Our time on board is rapidly drawing to a close, and we spend the last day picnicking on Jim's Beach named for our illustrious captain. Bruno prepares a barbecue and we latter day Robinson Crusoes - albeit considerably more comfortably equipped - collect oysters, sunbake and swim in waters of liquid crystal. Later that evening, the crew and passengers pile their plates high with mountains of oysters - prepared in a variety of ways and toast what is in effect our Last Supper. As I lean over the railings to watch the waves and contemplate the return to civilization, an earring - my last vestige of the city, becomes eternally committed to Davy Jones' Locker as it plip plops overboard. I simply do not care and we symbolically give its golden partner a Viking funeral in a flaming paperboat.

"It's inevitable and it will happen even this far up, sometime, maybe within ten years, someone will apply to the West Australian government to build a resort on one of the islands", says Captain Jim sadly. "it will happen ... but it would be extremely difficult to make a beach crocodile-sea, there would have to be constant lookouts, nets, small boats always checking and the fresh water supply is a major problem. They would have to be careful ... so careful".

The crew all talk about respect. If you respect the land and the environment it will open its yield to you willingly. If not, the consequences of foolishness will inevitably arise. Perhaps a quiet word of warning for aspiring hoteliers.

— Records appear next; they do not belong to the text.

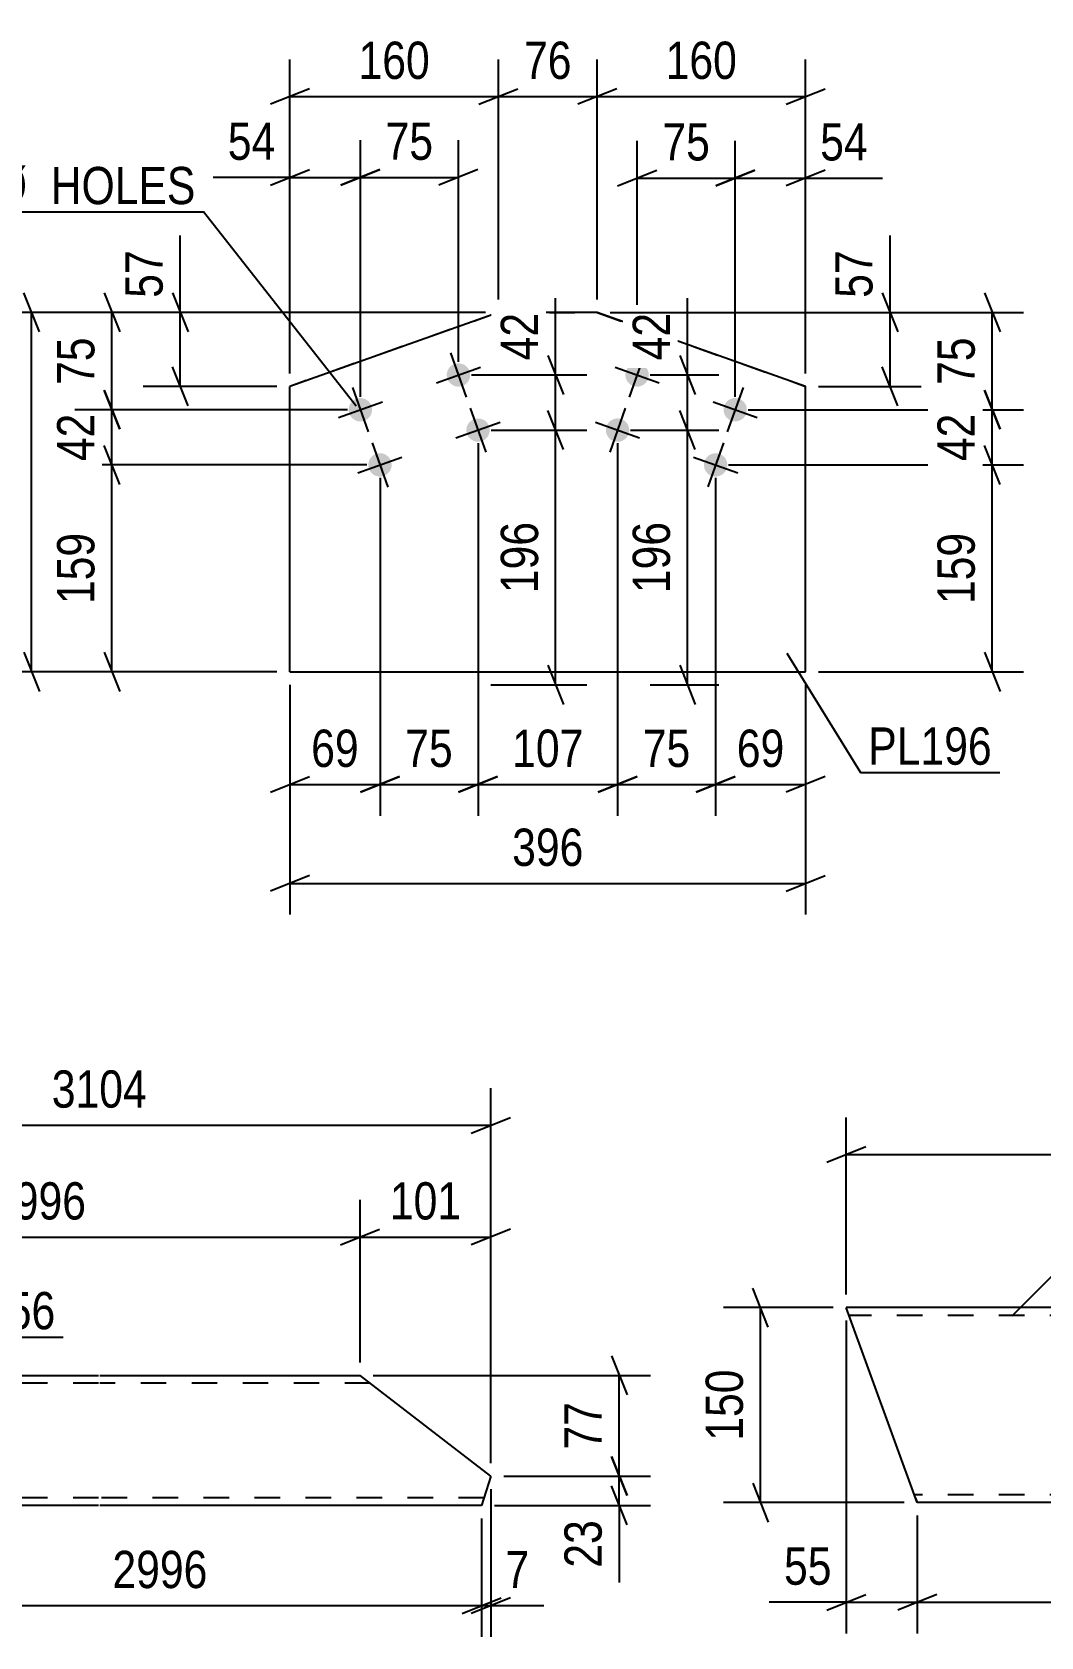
# Model space of a CAD drawing. Header units: millimetres. Extents: x 0 to 420, y 0 to 297.
# Drawn here: x 117.5 to 195.1, y 66.8 to 190.2 of the extents above; entities that cross this region are included whole.
import ezdxf

# ---------------------------------------------------------------- set-up
doc = ezdxf.new("R2010")
doc.units = ezdxf.units.MM
doc.linetypes.add('DXK_LINE_DOT2', pattern=[3.9198, 1.9599, -1.9599])
doc.styles.add('Arial Narrow', font='ARIALN.TTF', dxfattribs={"height": 0.2})

# ---------------------------------------------------------------- blocks, each defined once
blk = doc.blocks.new('Part-318893011-3143 - 3127')
at = {"color": 2, "linetype": 'Continuous'}
for p, q in [((92.61, 84.61), (93.33, 86.87)), ((93.33, 86.87), (122.66, 86.87)), ((122.76, 86.87), (142.76, 86.87)), ((152.81, 79.13), (142.76, 86.87)), ((102.66, 76.87), (92.61, 84.61)), ((152.81, 79.13), (152.1, 76.87)), ((122.66, 76.87), (102.66, 76.87)), ((152.1, 76.87), (122.76, 76.87))]:
    blk.add_line(p, q, dxfattribs=at)
at = {"color": 7, "linetype": 'DXK_LINE_DOT2'}
for p, q in [((122.66, 86.27), (93.14, 86.27)), ((143.54, 86.27), (122.76, 86.27)), ((102.66, 76.87), (101.66, 77.64)), ((122.66, 77.47), (101.88, 77.47)), ((152.29, 77.47), (122.76, 77.47))]:
    blk.add_line(p, q, dxfattribs=at)
blk = doc.blocks.new('Bolt-318893011-2234 - 2228')
at = {"linetype": 'Continuous'}
for points in [[(150.28, 164.7), (150.47, 164.68), (150.65, 164.63), (150.82, 164.55), (150.96, 164.43), (151.08, 164.28), (151.17, 164.11), (151.21, 163.93), (151.22, 163.74), (151.19, 163.56), (151.12, 163.38), (151.02, 163.22), (150.88, 163.09), (150.72, 162.99), (150.55, 162.93), (150.36, 162.9), (150.17, 162.91), (149.99, 162.96), (149.83, 163.05), (149.68, 163.17), (149.56, 163.31), (149.48, 163.48), (149.43, 163.66), (149.42, 163.85), (149.46, 164.04), (149.52, 164.21), (149.63, 164.37), (149.76, 164.5), (149.92, 164.6), (150.1, 164.67)], [(142.74, 162.02), (142.93, 162.01), (143.11, 161.96), (143.28, 161.87), (143.43, 161.75), (143.54, 161.61), (143.63, 161.44), (143.67, 161.26), (143.68, 161.07), (143.65, 160.88), (143.58, 160.71), (143.48, 160.55), (143.34, 160.42), (143.18, 160.32), (143.01, 160.25), (142.82, 160.22), (142.63, 160.23), (142.45, 160.28), (142.29, 160.37), (142.14, 160.49), (142.02, 160.64), (141.94, 160.81), (141.89, 160.99), (141.88, 161.18), (141.92, 161.36), (141.98, 161.54), (142.09, 161.69), (142.22, 161.83), (142.38, 161.93), (142.56, 161.99)], [(151.79, 160.45), (151.98, 160.44), (152.16, 160.39), (152.32, 160.31), (152.47, 160.19), (152.59, 160.04), (152.67, 159.87), (152.72, 159.69), (152.73, 159.5), (152.69, 159.32), (152.63, 159.14), (152.52, 158.98), (152.39, 158.85), (152.23, 158.75), (152.05, 158.68), (151.87, 158.66), (151.68, 158.67), (151.5, 158.72), (151.33, 158.81), (151.19, 158.93), (151.07, 159.07), (150.98, 159.24), (150.94, 159.42), (150.93, 159.61), (150.96, 159.8), (151.03, 159.97), (151.13, 160.13), (151.27, 160.26), (151.43, 160.36), (151.6, 160.43)], [(144.25, 157.78), (144.44, 157.77), (144.62, 157.72), (144.78, 157.63), (144.93, 157.51), (145.05, 157.36), (145.13, 157.2), (145.18, 157.01), (145.19, 156.83), (145.15, 156.64), (145.09, 156.47), (144.98, 156.31), (144.85, 156.18), (144.69, 156.08), (144.51, 156.01), (144.33, 155.98), (144.14, 155.99), (143.96, 156.04), (143.79, 156.13), (143.65, 156.25), (143.53, 156.4), (143.44, 156.57), (143.4, 156.75), (143.39, 156.94), (143.42, 157.12), (143.49, 157.3), (143.59, 157.45), (143.73, 157.59), (143.89, 157.69), (144.06, 157.75)]]:
    blk.add_hatch(color=1, dxfattribs=at).paths.add_polyline_path(points)
at = {"color": 1, "linetype": 'Continuous'}
for p, q in [((149.72, 165.49), (150.92, 162.1)), ((148.63, 163.2), (152.02, 164.4)), ((141.09, 160.52), (144.48, 161.72)), ((142.18, 162.82), (143.38, 159.43)), ((151.23, 161.25), (152.43, 157.86)), ((150.13, 158.95), (153.52, 160.16)), ((143.69, 158.58), (144.89, 155.18)), ((142.59, 156.28), (145.98, 157.48))]:
    blk.add_line(p, q, dxfattribs=at)
blk = doc.blocks.new('Bolt-318893011-2239 - 2228')
at = {"linetype": 'Continuous'}
for points in [[(164.07, 164.7), (164.25, 164.68), (164.43, 164.61), (164.59, 164.52), (164.73, 164.39), (164.84, 164.24), (164.92, 164.06), (164.95, 163.88), (164.95, 163.69), (164.91, 163.51), (164.83, 163.34), (164.72, 163.19), (164.58, 163.06), (164.41, 162.97), (164.23, 162.91), (164.05, 162.9), (163.86, 162.92), (163.68, 162.98), (163.52, 163.08), (163.38, 163.2), (163.27, 163.36), (163.2, 163.53), (163.16, 163.71), (163.16, 163.9), (163.2, 164.09), (163.28, 164.26), (163.4, 164.41), (163.54, 164.53), (163.7, 164.62), (163.88, 164.68)], [(171.61, 162.02), (171.79, 162), (171.97, 161.94), (172.13, 161.84), (172.27, 161.72), (172.38, 161.56), (172.46, 161.39), (172.49, 161.21), (172.49, 161.02), (172.45, 160.83), (172.37, 160.66), (172.26, 160.51), (172.12, 160.39), (171.95, 160.3), (171.77, 160.24), (171.59, 160.22), (171.4, 160.25), (171.22, 160.31), (171.06, 160.4), (170.92, 160.53), (170.81, 160.68), (170.74, 160.86), (170.7, 161.04), (170.7, 161.23), (170.74, 161.41), (170.82, 161.58), (170.94, 161.73), (171.08, 161.86), (171.24, 161.95), (171.42, 162.01)], [(162.56, 160.46), (162.75, 160.43), (162.93, 160.37), (163.09, 160.28), (163.23, 160.15), (163.34, 160), (163.41, 159.82), (163.45, 159.64), (163.45, 159.45), (163.4, 159.27), (163.33, 159.1), (163.21, 158.95), (163.07, 158.82), (162.91, 158.73), (162.73, 158.67), (162.54, 158.66), (162.35, 158.68), (162.18, 158.74), (162.01, 158.83), (161.88, 158.96), (161.77, 159.12), (161.69, 159.29), (161.66, 159.47), (161.66, 159.66), (161.7, 159.84), (161.78, 160.02), (161.89, 160.17), (162.03, 160.29), (162.2, 160.38), (162.38, 160.44)], [(170.1, 157.78), (170.29, 157.76), (170.47, 157.7), (170.63, 157.6), (170.77, 157.48), (170.88, 157.32), (170.95, 157.15), (170.99, 156.96), (170.99, 156.78), (170.94, 156.59), (170.87, 156.42), (170.75, 156.27), (170.61, 156.15), (170.45, 156.06), (170.27, 156), (170.08, 155.98), (169.89, 156), (169.72, 156.06), (169.55, 156.16), (169.42, 156.29), (169.31, 156.44), (169.23, 156.61), (169.2, 156.8), (169.2, 156.99), (169.24, 157.17), (169.32, 157.34), (169.43, 157.49), (169.57, 157.62), (169.74, 157.71), (169.92, 157.76)]]:
    blk.add_hatch(color=1, dxfattribs=at).paths.add_polyline_path(points)
at = {"color": 1, "linetype": 'Continuous'}
for p, q in [((164.66, 165.49), (163.45, 162.1)), ((162.36, 164.4), (165.75, 163.2)), ((169.9, 161.72), (173.29, 160.52)), ((172.2, 162.82), (170.99, 159.43)), ((163.15, 161.25), (161.95, 157.86)), ((160.86, 160.16), (164.25, 158.95)), ((170.69, 158.58), (169.49, 155.19)), ((168.4, 157.48), (171.79, 156.28))]:
    blk.add_line(p, q, dxfattribs=at)
blk = doc.blocks.new('Part-318893011-2254 - 2228')
at = {"color": 2, "linetype": 'Continuous'}
for p, q in [((153.39, 168.6), (137.37, 162.92)), ((160.99, 168.6), (153.39, 168.6)), ((153.39, 168.6), (153.39, 168.6)), ((177.01, 162.92), (160.99, 168.6)), ((160.99, 168.6), (160.99, 168.6)), ((137.37, 140.97), (137.37, 162.92)), ((177.01, 140.97), (177.01, 162.92)), ((137.37, 140.97), (177.01, 140.97))]:
    blk.add_line(p, q, dxfattribs=at)
at = {"color": 7, "linetype": 'DXK_LINE_DOT2'}
for p, q in [((153.39, 168.6), (137.37, 162.92)), ((153.39, 168.6), (160.99, 168.6)), ((160.99, 168.6), (177.01, 162.92)), ((137.37, 140.97), (177.01, 140.97))]:
    blk.add_line(p, q, dxfattribs=at)
blk = doc.blocks.new('Part-318893011-1214 - 1211')
at = {"color": 2, "linetype": 'Continuous'}
for p, q in [((205.59, 92.09), (180.13, 92.09)), ((185.59, 77.09), (180.13, 92.09)), ((225.69, 92.07), (205.69, 92.07)), ((230.71, 78.27), (225.69, 92.07)), ((231.15, 77.07), (230.71, 78.27)), ((205.59, 77.09), (185.59, 77.09)), ((231.15, 77.07), (205.69, 77.07))]:
    blk.add_line(p, q, dxfattribs=at)
at = {"color": 7, "linetype": 'DXK_LINE_DOT2'}
for p, q in [((205.59, 91.49), (180.35, 91.49)), ((225.9, 91.47), (205.69, 91.47)), ((205.59, 77.69), (185.37, 77.69)), ((185.46, 77.44), (185.59, 77.09)), ((230.93, 77.67), (205.69, 77.67)), ((231.11, 77.16), (231.02, 77.42)), ((231.15, 77.07), (231.11, 77.16))]:
    blk.add_line(p, q, dxfattribs=at)
blk = doc.blocks.new('StraightDimension-318893011-3230 - 3127')
at = {"color": 7, "linetype": 'Continuous'}
for p, q in [((102.66, 75.87), (102.66, 66.77)), ((152.1, 75.87), (152.1, 66.77)), ((104.16, 69.77), (101.16, 68.57)), ((102.66, 69.17), (152.1, 69.17)), ((150.6, 68.57), (153.6, 69.77))]:
    blk.add_line(p, q, dxfattribs=at)
at = {"color": 0}
blk.add_wipeout([(131.64, 69.92), (131.64, 74.12), (123.12, 74.12), (123.12, 69.92)], dxfattribs=at)
at = {"color": 3, "style": 'Arial Narrow'}
blk.add_text('2996', height=2.863, dxfattribs=at).set_placement((123.72, 70.52))
blk = doc.blocks.new('StraightDimension-318893011-3213 - 3127')
at = {"color": 7, "linetype": 'Continuous'}
for p, q in [((152.81, 78.13), (152.81, 66.77)), ((152.1, 75.87), (152.1, 66.77)), ((150.6, 68.57), (153.6, 69.77)), ((154.31, 69.77), (151.31, 68.57)), ((152.1, 69.17), (152.81, 69.17)), ((152.81, 69.17), (156.89, 69.17)), ((152.81, 69.17), (156.89, 69.17))]:
    blk.add_line(p, q, dxfattribs=at)
at = {"color": 0}
blk.add_wipeout([(156.37, 69.92), (156.37, 74.12), (153.34, 74.12), (153.34, 69.92)], dxfattribs=at)
at = {"color": 3, "style": 'Arial Narrow'}
blk.add_text('7', height=2.86, dxfattribs=at).set_placement((153.94, 70.52))
blk = doc.blocks.new('StraightDimension-318893011-3287 - 3127')
at = {"color": 7, "linetype": 'Continuous'}
for p, q in [((92.61, 85.61), (92.61, 108.96)), ((152.81, 80.13), (152.81, 108.96)), ((94.11, 106.71), (91.11, 105.51)), ((151.31, 105.51), (154.31, 106.71)), ((92.61, 106.11), (152.81, 106.11))]:
    blk.add_line(p, q, dxfattribs=at)
at = {"color": 0}
blk.add_wipeout([(126.97, 106.86), (126.97, 111.06), (118.46, 111.06), (118.46, 106.86)], dxfattribs=at)
at = {"color": 3, "style": 'Arial Narrow'}
blk.add_text('3104', height=2.863, dxfattribs=at).set_placement((119.06, 107.46))
blk = doc.blocks.new('StraightDimension-318893011-3298 - 3127')
at = {"color": 7, "linetype": 'Continuous'}
for p, q in [((142.76, 87.87), (142.76, 100.36)), ((152.81, 80.13), (152.81, 100.36)), ((141.26, 96.91), (144.26, 98.11)), ((142.76, 97.51), (152.81, 97.51)), ((154.31, 98.11), (151.31, 96.91))]:
    blk.add_line(p, q, dxfattribs=at)
at = {"color": 0}
blk.add_wipeout([(151.13, 98.26), (151.13, 102.46), (144.45, 102.46), (144.45, 98.26)], dxfattribs=at)
at = {"color": 3, "style": 'Arial Narrow'}
blk.add_text('101', height=2.863, dxfattribs=at).set_placement((145.05, 98.86))
blk = doc.blocks.new('StraightDimension-318893011-3315 - 3127')
at = {"color": 7, "linetype": 'Continuous'}
for p, q in [((93.33, 87.87), (93.33, 100.36)), ((142.76, 87.87), (142.76, 100.36)), ((94.83, 98.11), (91.83, 96.91)), ((93.33, 97.51), (142.76, 97.51)), ((141.26, 96.91), (144.26, 98.11))]:
    blk.add_line(p, q, dxfattribs=at)
at = {"color": 0}
blk.add_wipeout([(122.3, 98.26), (122.3, 102.46), (113.79, 102.46), (113.79, 98.26)], dxfattribs=at)
at = {"color": 3, "style": 'Arial Narrow'}
blk.add_text('2996', height=2.863, dxfattribs=at).set_placement((114.39, 98.86))
blk = doc.blocks.new('StraightDimension-318893011-3357 - 3127')
at = {"color": 7, "linetype": 'Continuous'}
for p, q in [((162.08, 80.63), (163.28, 77.63)), ((153.81, 79.13), (165.08, 79.13)), ((162.68, 76.87), (162.68, 79.13)), ((163.28, 75.37), (162.08, 78.37)), ((153.1, 76.87), (165.08, 76.87)), ((162.68, 76.87), (162.68, 70.96)), ((162.68, 76.87), (162.68, 70.96))]:
    blk.add_line(p, q, dxfattribs=at)
at = {"color": 0}
blk.add_wipeout([(161.93, 76.35), (157.73, 76.35), (157.73, 71.49), (161.93, 71.49)], dxfattribs=at)
at = {"color": 3, "style": 'Arial Narrow'}
blk.add_text('23', height=2.863, rotation=90.0002, dxfattribs=at).set_placement((161.33, 72.09))
blk = doc.blocks.new('StraightDimension-318893011-3381 - 3127')
at = {"color": 7, "linetype": 'Continuous'}
for p, q in [((162.08, 88.37), (163.28, 85.37)), ((143.76, 86.87), (165.08, 86.87)), ((162.68, 79.13), (162.68, 86.87)), ((163.28, 77.63), (162.08, 80.63)), ((153.81, 79.13), (165.08, 79.13))]:
    blk.add_line(p, q, dxfattribs=at)
at = {"color": 0}
blk.add_wipeout([(161.93, 85.43), (157.73, 85.43), (157.73, 80.57), (161.93, 80.57)], dxfattribs=at)
at = {"color": 3, "style": 'Arial Narrow'}
blk.add_text('77', height=2.863, rotation=90.0002, dxfattribs=at).set_placement((161.33, 81.17))
blk = doc.blocks.new('StraightDimension-318893011-2256 - 2228')
at = {"color": 7, "linetype": 'Continuous'}
for p, q in [((191.96, 155.38), (190.76, 158.38)), ((171.09, 156.88), (193.76, 156.88)), ((191.36, 140.97), (191.36, 156.88)), ((190.76, 142.47), (191.96, 139.47)), ((178.01, 140.97), (193.76, 140.97))]:
    blk.add_line(p, q, dxfattribs=at)
at = {"color": 0}
blk.add_wipeout([(190.61, 152.27), (186.41, 152.27), (186.41, 145.58), (190.61, 145.58)], dxfattribs=at)
at = {"color": 3, "style": 'Arial Narrow'}
blk.add_text('159', height=2.863, rotation=90.0002, dxfattribs=at).set_placement((190.01, 146.18))
blk = doc.blocks.new('StraightDimension-318893011-2447 - 2228')
at = {"color": 7, "linetype": 'Continuous'}
for p, q in [((128.93, 168.6), (128.93, 174.51)), ((128.93, 168.6), (128.93, 174.51)), ((128.33, 170.1), (129.53, 167.1)), ((152.39, 168.6), (126.08, 168.6)), ((128.93, 162.92), (128.93, 168.6)), ((129.53, 161.42), (128.33, 164.42)), ((136.37, 162.92), (126.08, 162.92))]:
    blk.add_line(p, q, dxfattribs=at)
at = {"color": 0}
blk.add_wipeout([(128.18, 173.98), (123.98, 173.98), (123.98, 169.13), (128.18, 169.13)], dxfattribs=at)
at = {"color": 3, "style": 'Arial Narrow'}
blk.add_text('57', height=2.863, rotation=90.0002, dxfattribs=at).set_placement((127.58, 169.73))
blk = doc.blocks.new('StraightDimension-318893011-2385 - 2228')
at = {"color": 7, "linetype": 'Continuous'}
for p, q in [((118.11, 167.1), (116.91, 170.1)), ((152.39, 168.6), (114.66, 168.6)), ((117.51, 140.97), (117.51, 168.6)), ((116.91, 142.47), (118.11, 139.47)), ((136.37, 140.97), (114.66, 140.97))]:
    blk.add_line(p, q, dxfattribs=at)
at = {"color": 0}
blk.add_wipeout([(116.76, 158.13), (112.56, 158.13), (112.56, 151.44), (116.76, 151.44)], dxfattribs=at)
at = {"color": 3, "style": 'Arial Narrow'}
blk.add_text('276', height=2.863, rotation=90.0002, dxfattribs=at).set_placement((116.16, 152.04))
blk = doc.blocks.new('StraightDimension-318893011-2270 - 2228')
at = {"color": 7, "linetype": 'Continuous'}
for p, q in [((190.76, 170.1), (191.96, 167.1)), ((161.99, 168.6), (193.76, 168.6)), ((191.36, 161.12), (191.36, 168.6)), ((191.96, 159.62), (190.76, 162.62)), ((172.6, 161.12), (193.76, 161.12))]:
    blk.add_line(p, q, dxfattribs=at)
at = {"color": 0}
blk.add_wipeout([(190.61, 167.29), (186.41, 167.29), (186.41, 162.43), (190.61, 162.43)], dxfattribs=at)
at = {"color": 3, "style": 'Arial Narrow'}
blk.add_text('75', height=2.863, rotation=90.0002, dxfattribs=at).set_placement((190.01, 163.03))
blk = doc.blocks.new('StraightDimension-318893011-2461 - 2228')
at = {"color": 7, "linetype": 'Continuous'}
for p, q in [((160.99, 169.6), (160.99, 188.06)), ((177.01, 163.92), (177.01, 188.06)), ((162.49, 185.81), (159.49, 184.61)), ((160.99, 185.21), (177.01, 185.21)), ((175.51, 184.61), (178.51, 185.81))]:
    blk.add_line(p, q, dxfattribs=at)
at = {"color": 0}
blk.add_wipeout([(172.34, 185.96), (172.34, 190.16), (165.65, 190.16), (165.65, 185.96)], dxfattribs=at)
at = {"color": 3, "style": 'Arial Narrow'}
blk.add_text('160', height=2.863, dxfattribs=at).set_placement((166.25, 186.56))
blk = doc.blocks.new('StraightDimension-318893011-2262 - 2228')
at = {"color": 7, "linetype": 'Continuous'}
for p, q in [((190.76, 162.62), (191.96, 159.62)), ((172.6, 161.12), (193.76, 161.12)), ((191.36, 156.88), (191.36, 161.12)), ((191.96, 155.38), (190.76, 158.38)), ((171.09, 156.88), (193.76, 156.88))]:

The morning of our departure dawns the brightest and most beautiful of our six days. It is a cruel slap in our suntanned faces. We are moored at the mouth of the Hunter River, the only accessible spot for the sea-plane to land and collect us. Bruce takes us out in a dinghy for a final attempt to haul a barramundi, an exercise which pre-empts John's later 'One that got away' tale. We opt instead to cruise slowly down the waterways, spotting crocodiles and absorbing as much of the atmosphere as possible to tide us for our long journey home. We cut the engines and just float, listening to the absolute quiet. The river itself is actually very shallow at this time of year but a glance at the tops of the muddied mangrove trees lays testament to the deluvian floods which rage through the area in the wet. As we return to the boat, the sea-plane is circling overhead, preparing to land.

Throughout this magical trip, I truly believe that we seriously doubted that we would have to return east. This region is awesome, wild and unsympathetic but it is also spellbinding and there is no finer way to explore it than on this vessel. In case you doubted its nautical authenticity, the equipment is sophisticated with satellite radar and ship to shore facilities and it also has the seal of approval of the genuine article - France's own ancient mariner, the late Jacques Cousteau whose ship docked with the Explorer in order to commandeer one of the zodiacs for their own explorations.

As the sea-plane takes off bearing its reluctant cargo, we are fortunate enough to experience the aerial view of the coast. Ken, the pilot is a true Australian oddity - a little frightening too when he opts to change fuel tanks in mid-air without warning. He puts on his only cassette - unfortunately a Neil Diamond extravaganza, gives us steaming mugs of sugary coffee and steers us back toward Kunnunurra. As I look out of the window, the river tributaries far below us gleam white and brilliant in the morning sun yet, a mere breath away, raging bushfires that must be left to burn out of control burn fiercely on the edge of some properties of an amazing 2.8 million acreage. Flat tundra gives rise to vast, mottled cliff faces and I feel myself become horribly patriotic. 'What a land!', I think, as if my nationality had anything to do with its creation.

Yes, Australia is an adventure, irrespective of the much touted publicity and flippant brochure text, but it is so much more than just that. It is vast, mythic, mystic and forbidding. I sit back in my seat, my life in the hands of a most unusual individual, 'Hot August Night' blaring up above and bushfires raging down below.